Isn't this incorrect? I'd argue that $R/(X)$ (where $(X)$ denotes the ideal generated by $X$) is isomorphic to $\mathbb{Z}$, which is an integral domain and thus $(X)$ must be prime.
On
$$2\frac{x(x+1)}{2}=x(x+1)\in (x)$$ however $2\not \in (x)$ and $\frac{x(x+1)}{2}$ although integer values is not in $(x)$, as if it were of the form $f(x)x$ then $f(x)=\frac{x+1}{2}$, and this is not integer valued.
On
Notice $\,\ 2\mid x(x\!+\!1),\,\ 2\nmid x\!+\!1\,$ so $\ \smash[b]{\begin{align} 2\nmid x\,\Rightarrow\, 2\ \rm not\ prime\\ x\nmid 2\,\Rightarrow\, x\ \rm not\ prime\end{align}}\ $ by a symmetric twist on primaility
$\!\begin{align} {\bf Lemma}\ \ \ {\rm If}\ \ c\mid ab,\ &c\nmid b\\ \text{then }\ &c\nmid a\,\Rightarrow\, c\ \ \rm not\ prime\\ \text{and }\ \ &a\nmid c\,\Rightarrow\, a\ \ \rm not\ prime\, \text{ if $\,a\,$ is cancelable} \end{align}$
Proof $\, $ (sketch) $\,\ c\,$ is not prime follows by definition, and $\,a\,$ is not prime follows by
$\ c\mid ab\,\Rightarrow\, ab\! =\! cd\ $ so $\ a\mid cd,\ a\nmid c,\ a\nmid d\ $ (else $\, d = ae\ $ so $\,ab =cae\,$ so $\,b = ce\,$ contra $\,c\nmid b)$
(simpler $\ \dfrac{d}a = \dfrac{b}c\ $ so $\ a\mid d\iff c\mid b\ $ when in a domain)

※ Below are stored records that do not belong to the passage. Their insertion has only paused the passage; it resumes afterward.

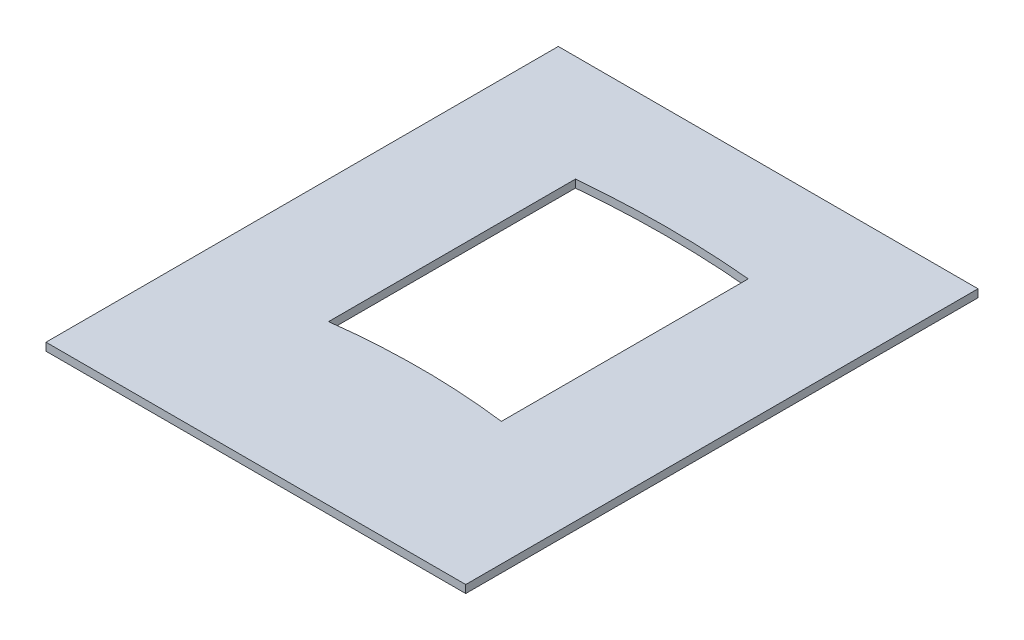
SolidWorks part; units mm, degrees
material "Copper"
ref_plane "Front" through (0, 0, 0) normal (0, 0, 1) x (1, 0, 0)
ref_plane "Top" through (0, 0, 0) normal (0, 1, 0) x (1, 0, 0)
ref_plane "Right" through (0, 0, 0) normal (1, 0, 0) x (0, 0, -1)
sketch "Sketch1" plane through (0, 0, 0) normal (0, 1, 0) x (1, 0, 0)
  line L0 (0, 0) -> (0, 4) construction
  line L2 (-1.4, 4) -> (-1.4, 0)
  line L3 (1.4, 4) -> (1.4, 0)
  line L4 (-3.4, 5.722) -> (-3.4, -2.5775)
  line L5 (3.4, 5.722) -> (3.4, -2.5775)
  line L6 (-3.4, 5.722) -> (3.4, 5.722)
  line L7 (-3.4, -2.5775) -> (3.4, -2.5775)
  arc A1 (-1.4, 0) -> (1.4, 0) centre (0, -10.9105) cw
  arc A2 (-1.4, 4) -> (1.4, 4) centre (0, -10.9345) cw
  arc A5 (-3.4, -2.5775) -> (3.4, -2.5775) centre (0, -10.9105) cw construction
  arc A7 (-3.4, 5.722) -> (3.4, 5.722) centre (0, -10.9345) cw construction
  point P6 (0, 4)
  dimension "D1" = 4
  dimension "D2" = 11
  dimension "D4" = 15
  dimension "D3" = 2.8
  dimension "D5" = 2
extrude "Boss-Extrude1" add sketch "Sketch1" along normal blind 0.127
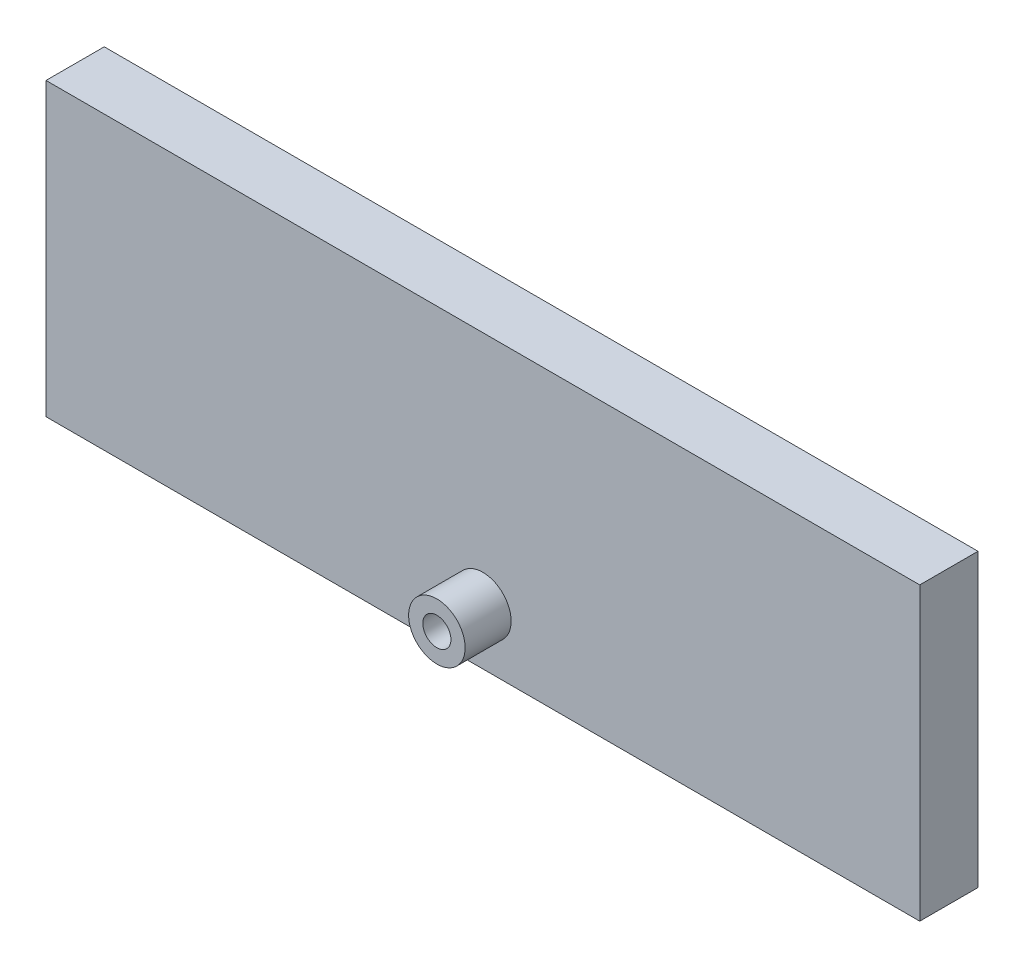
SolidWorks part; units mm, degrees
ref_plane "Front Plane" through (0, 0, 0) normal (0, 0, 1) x (1, 0, 0)
ref_plane "Top Plane" through (0, 0, 0) normal (0, 1, 0) x (1, 0, 0)
ref_plane "Right Plane" through (0, 0, 0) normal (1, 0, 0) x (0, 0, -1)
sketch "Sketch1" plane through (0, 0, 0) normal (0, 0, 1) x (1, 0, 0)
  line L1 (-150, 50) -> (150, 50)
  line L2 (-150, 50) -> (-150, -50)
  line L3 (-150, -50) -> (150, -50)
  line L4 (150, 50) -> (150, -50)
  line L5 (-150, 50) -> (150, -50) construction
  line L6 (-150, -50) -> (150, 50) construction
  point P0 (0, 0)
  dimension "D1" = 100
  dimension "D2" = 300
extrude "Boss-Extrude1" add sketch "Sketch1" along normal blind 20
sketch "Sketch2" plane through (0, 0, 20) normal (0, 0, 1) x (1, 0, 0)
  line L0 (-150, -50) -> (150, -50) construction
  line L1 (150, -50) -> (150, 50) construction
  circle A0 centre (0, -30.95) radius 4.826
  circle A1 centre (0, -30.95) radius 9.7
  dimension "D1" = 19.05
  dimension "D2" = 150
  dimension "D3" = 9.652
  dimension "D4" = 19.4
extrude "Boss-Extrude2" add sketch "Sketch2" along normal blind 15.8

Rene has already given a wonderful solution, but I'll add this so you can maybe see why your approach doesn't work:
Normally, when we show $A[x]/(x)\cong A$ for a ring $A$, we use the homomorphism $A[x]\to A$, $f\mapsto f(0)$, so the kernel is $(x)$ and the result follows by the isomorphism theorem.
Let's try to do the same in this case. We'll map $R\to\Bbb{Z}$ by sending $f\mapsto f(0)\in\Bbb{Z}$. This is definitely surjective, so if the kernel is $(x)$ then we are done. We definitely have $(x)$ contained in the kernel. However, the reverse inclusion doesn't hold because as Rene has shown, we can find $f$ such that $f(0)=0$ but there is no $g\in R$ such that $f(x)=x\cdot g(x)$.